The work done on the surroundings is $$W = P\Delta V$$ with
$$\Delta V = 10^{-3}-10^{-6}=9.99\times 10^{-4}\;{\rm m^{3}}$$, hence

$$W = 10^{5}\times 9.99\times 10^{-4}\;{\rm J}\approx 1.0\times 10^{2}\;{\rm J}=0.10\;{\rm kJ}$$

By the first law, $$\Delta U = \Delta H - P\Delta V = 2.25-0.10 = 2.15\;{\rm kJ}\approx 2\;{\rm kJ}$$.
Thus I → (P).

Process II - 0.2 mol rigid diatomic gas, isobaric, $$V\;{\rm to}\;3V$$ at $$T_i = 500\;{\rm K}$$

At constant pressure, $$\dfrac{T_f}{T_i} = \dfrac{V_f}{V_i}=3\; \Rightarrow\; T_f = 1500\;{\rm K}$$, so $$\Delta T = 1000\;{\rm K}$$.

For a rigid diatomic gas, $$C_v = \dfrac{5}{2}R = 20\;{\rm J\,mol^{-1}K^{-1}}$$.
Hence

$$\Delta U = nC_v\Delta T = 0.2\times 20\times 1000 = 4000\;{\rm J}=4\;{\rm kJ}$$

Therefore II → (R).

Process III - 1 mol monatomic gas, adiabatic compression from $$V_i=\dfrac13\;{\rm m^{3}}$$, $$P_i = 2\;{\rm kPa}$$ to $$V_f = \dfrac{V_i}{8}$$

Initial temperature: $$T_i=\dfrac{P_iV_i}{R}= \dfrac{2000\times\dfrac13}{8}=83.3\;{\rm K}$$.

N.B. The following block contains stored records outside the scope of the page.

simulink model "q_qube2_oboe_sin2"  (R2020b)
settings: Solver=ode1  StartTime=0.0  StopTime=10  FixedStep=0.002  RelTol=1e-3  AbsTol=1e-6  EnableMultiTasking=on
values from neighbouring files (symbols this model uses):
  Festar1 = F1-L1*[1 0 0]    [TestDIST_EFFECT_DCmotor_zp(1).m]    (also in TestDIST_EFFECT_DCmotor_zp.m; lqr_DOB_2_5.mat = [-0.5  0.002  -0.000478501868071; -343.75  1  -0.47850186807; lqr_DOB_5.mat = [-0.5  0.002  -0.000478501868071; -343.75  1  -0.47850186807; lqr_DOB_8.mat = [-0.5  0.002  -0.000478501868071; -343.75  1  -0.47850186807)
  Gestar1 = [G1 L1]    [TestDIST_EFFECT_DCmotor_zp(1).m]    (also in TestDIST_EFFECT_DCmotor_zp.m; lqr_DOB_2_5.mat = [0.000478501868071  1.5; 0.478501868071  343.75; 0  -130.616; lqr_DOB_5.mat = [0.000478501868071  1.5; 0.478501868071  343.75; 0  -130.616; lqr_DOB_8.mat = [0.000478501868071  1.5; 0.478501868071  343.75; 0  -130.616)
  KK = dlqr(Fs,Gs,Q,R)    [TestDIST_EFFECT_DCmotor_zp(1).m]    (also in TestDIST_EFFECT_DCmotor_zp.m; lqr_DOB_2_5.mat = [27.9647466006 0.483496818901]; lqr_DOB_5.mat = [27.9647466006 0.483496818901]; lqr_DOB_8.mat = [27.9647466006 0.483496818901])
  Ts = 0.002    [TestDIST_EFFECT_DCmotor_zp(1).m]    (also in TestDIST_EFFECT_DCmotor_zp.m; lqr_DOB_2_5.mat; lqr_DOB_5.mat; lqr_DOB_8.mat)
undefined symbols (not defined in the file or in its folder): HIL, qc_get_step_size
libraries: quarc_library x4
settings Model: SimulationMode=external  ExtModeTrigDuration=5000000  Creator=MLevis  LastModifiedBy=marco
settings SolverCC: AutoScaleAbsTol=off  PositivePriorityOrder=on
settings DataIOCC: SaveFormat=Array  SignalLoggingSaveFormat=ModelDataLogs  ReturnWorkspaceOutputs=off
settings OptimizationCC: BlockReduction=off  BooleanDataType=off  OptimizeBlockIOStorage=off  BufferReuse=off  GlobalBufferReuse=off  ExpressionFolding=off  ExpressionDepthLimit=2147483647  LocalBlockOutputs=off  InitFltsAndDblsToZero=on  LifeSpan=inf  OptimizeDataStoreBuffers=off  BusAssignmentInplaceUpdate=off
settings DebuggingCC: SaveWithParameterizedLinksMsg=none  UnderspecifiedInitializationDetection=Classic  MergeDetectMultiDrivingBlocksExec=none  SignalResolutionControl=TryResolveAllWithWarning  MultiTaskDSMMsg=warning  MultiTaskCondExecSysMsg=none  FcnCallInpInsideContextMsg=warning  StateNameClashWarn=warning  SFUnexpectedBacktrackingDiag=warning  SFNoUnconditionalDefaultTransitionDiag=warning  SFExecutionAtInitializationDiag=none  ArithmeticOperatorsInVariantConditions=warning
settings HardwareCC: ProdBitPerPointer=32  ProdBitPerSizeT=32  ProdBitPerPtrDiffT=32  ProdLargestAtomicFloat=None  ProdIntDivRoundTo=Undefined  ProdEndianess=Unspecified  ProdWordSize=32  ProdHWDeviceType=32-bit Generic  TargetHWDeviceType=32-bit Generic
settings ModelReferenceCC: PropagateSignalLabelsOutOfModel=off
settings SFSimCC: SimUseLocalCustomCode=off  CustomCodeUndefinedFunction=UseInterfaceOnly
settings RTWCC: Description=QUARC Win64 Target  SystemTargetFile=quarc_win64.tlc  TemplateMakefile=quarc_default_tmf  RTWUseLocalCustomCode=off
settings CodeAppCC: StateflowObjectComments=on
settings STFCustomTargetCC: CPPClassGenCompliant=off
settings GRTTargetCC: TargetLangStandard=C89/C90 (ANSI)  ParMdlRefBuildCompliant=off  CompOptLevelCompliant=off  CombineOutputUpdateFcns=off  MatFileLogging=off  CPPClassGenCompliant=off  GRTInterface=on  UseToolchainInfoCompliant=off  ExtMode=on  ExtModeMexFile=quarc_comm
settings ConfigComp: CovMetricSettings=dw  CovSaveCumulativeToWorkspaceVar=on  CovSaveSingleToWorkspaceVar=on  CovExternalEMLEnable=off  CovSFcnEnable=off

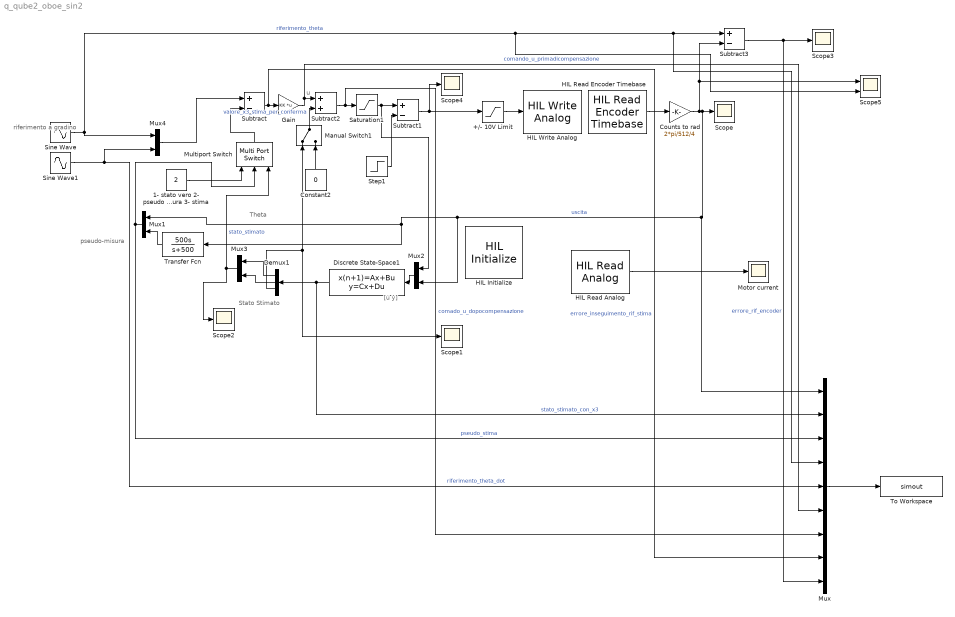
== system q_qube2_oboe_sin2 ==
  note: [u
      | y]
  note: Theta
  note: u
  note: Stato
      | Stimato
  note: pseudo-misura
  note: riferimento
      | a gradino
  +/- 10V Limit : Saturate  UpperLimit=20  LowerLimit=-20
  1- stato vero 2- pseudo misura 3- stima : Constant  Value=2
  Constant2 : Constant  Value=0
  Counts to rad : Gain  Gain=2*pi/512/4
  Demux1 : Demux  Outputs=3
  Discrete State-Space1 : DiscreteStateSpace  A=Festar1  B=Gestar1  C=eye(3)  D=[0 0; 0 0 ; 0 0]  InitialCondition=[0 0 0]'  SampleTime=Ts
  Gain : Gain  Gain=KK  Multiplication=Matrix(K*u)
  HIL Initialize : quarc_library/Data Acquisition/Generic/Configuration/HIL Initialize  Priority=-99  object_name=HIL-1  board_type=qube_servo2_usb  board_number=0  board_options=""  exclusive=off  active=off  hardware_clocks=[0]  clock_modes=[]  initial_clock_frequencies=[]  set_clock_params_at_start=off  set_clock_params_at_switch_in=off  set_clock_frequencies_at_start=off  set_clock_frequencies_at_switch_in=off  analog_input_channels=[0]  analog_input_configurations=[]  analog_input_maximums=3  analog_input_minimums=-3  set_analog_input_params_at_start=off  set_analog_input_params_at_switch_in=off  analog_output_channels=[0]  analog_output_maximums=15  analog_output_minimums=-15  initial_analog_outputs=[0]  final_analog_outputs=[0]  watchdog_analog_outputs=0  set_analog_output_params_at_start=off  set_analog_output_params_at_switch_in=off  set_analog_outputs_at_start=on  set_analog_outputs_at_switch_in=off  set_analog_outputs_at_terminate=on  set_analog_outputs_at_switch_out=off  set_analog_outputs_on_watchdog=on  digital_input_channels=[]  digital_output_channels=[0]  digital_output_configuration=[]  initial_digital_outputs=[1]  final_digital_outputs=[0]  watchdog_digital_outputs=[0]  set_digital_output_params_at_start=off  set_digital_output_params_at_switch_in=off  set_digital_outputs_at_start=on  set_digital_outputs_at_switch_in=off  set_digital_outputs_at_terminate=on  set_digital_outputs_at_switch_out=off  set_digital_outputs_on_watchdog=on  encoder_channels=[0:1]  quadrature=[4]  encoder_filter_frequency=[]  initial_encoder_counts=[0]  set_encoder_params_at_start=off  set_encoder_params_at_switch_in=off  set_encoder_counts_at_start=on  set_encoder_counts_at_switch_in=off  pwm_channels=[]  pwm_modes=[]  pwm_frequency=[]  pwm_configuration=[]  pwm_alignment=[]  pwm_polarity=[]  pwm_leading_deadband=[]  pwm_trailing_deadband=[]  initial_pwm_outputs=[]  final_pwm_outputs=[]  watchdog_pwm_outputs=[]  set_pwm_params_at_start=off  set_pwm_params_at_switch_in=off  set_pwm_outputs_at_start=off  set_pwm_outputs_at_switch_in=off  set_pwm_outputs_at_terminate=off  set_pwm_outputs_at_switch_out=off  set_pwm_outputs_on_watchdog=off  other_output_channels=[11000:11002]  initial_other_outputs=[0 1 0]  final_other_outputs=[1 0 0]  watchdog_other_outputs=[0 0 1]  set_other_outputs_at_start=on  set_other_outputs_at_switch_in=off  set_other_outputs_at_terminate=on  set_other_outputs_at_switch_out=off  set_other_outputs_on_watchdog=on
  HIL Read Analog : quarc_library/Data Acquisition/Generic/Immediate I//O/HIL Read Analog  object_name=HIL-1  channels=0  sample_time=qc_get_step_size  active=on  vector_output=off
  HIL Read Encoder Timebase : quarc_library/Data Acquisition/Generic/Timebases/HIL Read Encoder Timebase  object_name=HIL-1  clock=0  channels=0  active=on  vector_output=off  data_type_mode=Inherit via back propagation  data_type=double  overflow_mode=Error on overflow  samples_in_buffer=max(ceil(1/qc_get_step_size), 1)
  HIL Write Analog : quarc_library/Data Acquisition/Generic/Immediate I//O/HIL Write Analog  object_name=HIL-1  channels=0  sample_time=-1  active=off  vector_input=off
  Manual Switch1 : ManualSwitch
  Motor current : Scope
  Multiport Switch : MultiPortSwitch  Inputs=2
  Mux : Mux  Inputs=9
  Mux{1..4} (4 alike) : Mux  Inputs=2
  Saturation1 : Saturate  UpperLimit=20  LowerLimit=-20
  Scope{,1..4} (5 alike) : Scope
  Scope5 : Scope  NumInputPorts=2
  Sine Wave : Sin  SineType=Sample based  Samples=200  SampleTime=.002
  Sine Wave1 : Sin  SineType=Sample based  Amplitude=1*2*pi*2.5  Samples=200  SampleTime=.002  Offset=50
  Step1 : Step  Time=3  After=0  SampleTime=0
  Subtract : Sum  Inputs=+-
  Subtract1 : Sum  Inputs=+-
  Subtract2 : Sum
  Subtract3 : Sum  Inputs=+-
  To Workspace : ToWorkspace  VariableName=simout  SaveFormat=Structure With Time  SampleTime=-1
  Transfer Fcn : TransferFcn  Numerator=[500 0]  Denominator=[1 500]
  wires:
  HIL Read Encoder Timebase/1 -> Counts to rad/1
  Subtract1/1 -> +/- 10V Limit/1, Scope4/1
  +/- 10V Limit/1 -> HIL Write Analog/1
  HIL Read Analog/1 -> Motor current/1
  Constant2/1 -> Manual Switch1/2
  Demux1/1 -> Mux3/1
  Demux1/3 -> Scope1/1, Manual Switch1/1
  Demux1/2 -> Mux3/2
  Discrete State-Space1/1 -> Mux/2, Demux1/1  "stato_stimato_con_x3"
  1- stato vero 2- pseudo misura 3- stima/1 -> Multiport Switch/1
  Manual Switch1/1 -> Subtract2/2  "valore_x3_stima_per_conferma"
  Saturation1/1 -> Subtract1/1, Mux2/1
  Mux4/1 -> Subtract/1
  Multiport Switch/1 -> Subtract/2
  Mux2/1 -> Discrete State-Space1/1
  Transfer Fcn/1 -> Mux1/2
  Step1/1 -> Subtract1/2
  Subtract2/1 -> Mux/7, Saturation1/1  "comado_u_dopocompensazione"
  Subtract3/1 -> Mux/9, Scope3/1  "errore_rif_encoder"
  Mux/1 -> To Workspace/1
  Counts to rad/1 -> Scope5/1, Subtract3/2, Scope/1, Mux/1, Mux2/2, Transfer Fcn/1, Mux1/1  "uscita"
  Subtract/1 -> Mux/8, Gain/1  "errore_inseguimento_rif_stima"
  Mux3/1 -> Scope2/1, Multiport Switch/3  "stato_stimato"
  Gain/1 -> Mux/6, Subtract2/1  "comando_u_primadicompensazione"
  Mux1/1 -> Mux/3, Multiport Switch/2  "pseudo_stima"
  Sine Wave/1 -> Mux4/1, Scope5/2, Mux/4, Subtract3/1  "riferimento_theta"
  Sine Wave1/1 -> Mux/5, Mux4/2  "riferimento_theta_dot"

For a monatomic gas, $$\gamma=\dfrac53$$ and $$TV^{\gamma-1}={\rm const}$$.
Thus $$T_f = T_i\left(\dfrac{V_i}{V_f}\right)^{\gamma-1}=83.3\times 8^{2/3}=83.3\times 4 = 333\;{\rm K}$$.

$$\Delta T = 333-83.3 = 250\;{\rm K}$$, and $$C_v = \dfrac32 R = 12\;{\rm J\,mol^{-1}K^{-1}}$$, so

$$\Delta U = nC_v\Delta T = 1\times 12\times 250 = 3000\;{\rm J}=3\;{\rm kJ}$$

Hence III → (T).

Process IV - 3 mol vibrating diatomic gas, isobaric; heat supplied $$Q = 9\;{\rm kJ}$$

For a diatomic gas with vibrations active:
$$C_v = \dfrac{7}{2}R,\quad C_p=C_v+R=\dfrac{9}{2}R$$

At constant pressure, $$Q = nC_p\Delta T \Rightarrow \Delta T = \dfrac{Q}{nC_p}$$.
Internal-energy change: $$\Delta U = nC_v\Delta T = \dfrac{C_v}{C_p}\,Q = \dfrac{7/2}{9/2}\,Q = \dfrac79\,Q$$

$$\Delta U = \dfrac79 \times 9\;{\rm kJ}=7\;{\rm kJ}$$

Thus IV → (Q).

Collecting the matches:
I → P, II → R, III → T, IV → Q

Hence the correct option is Option C.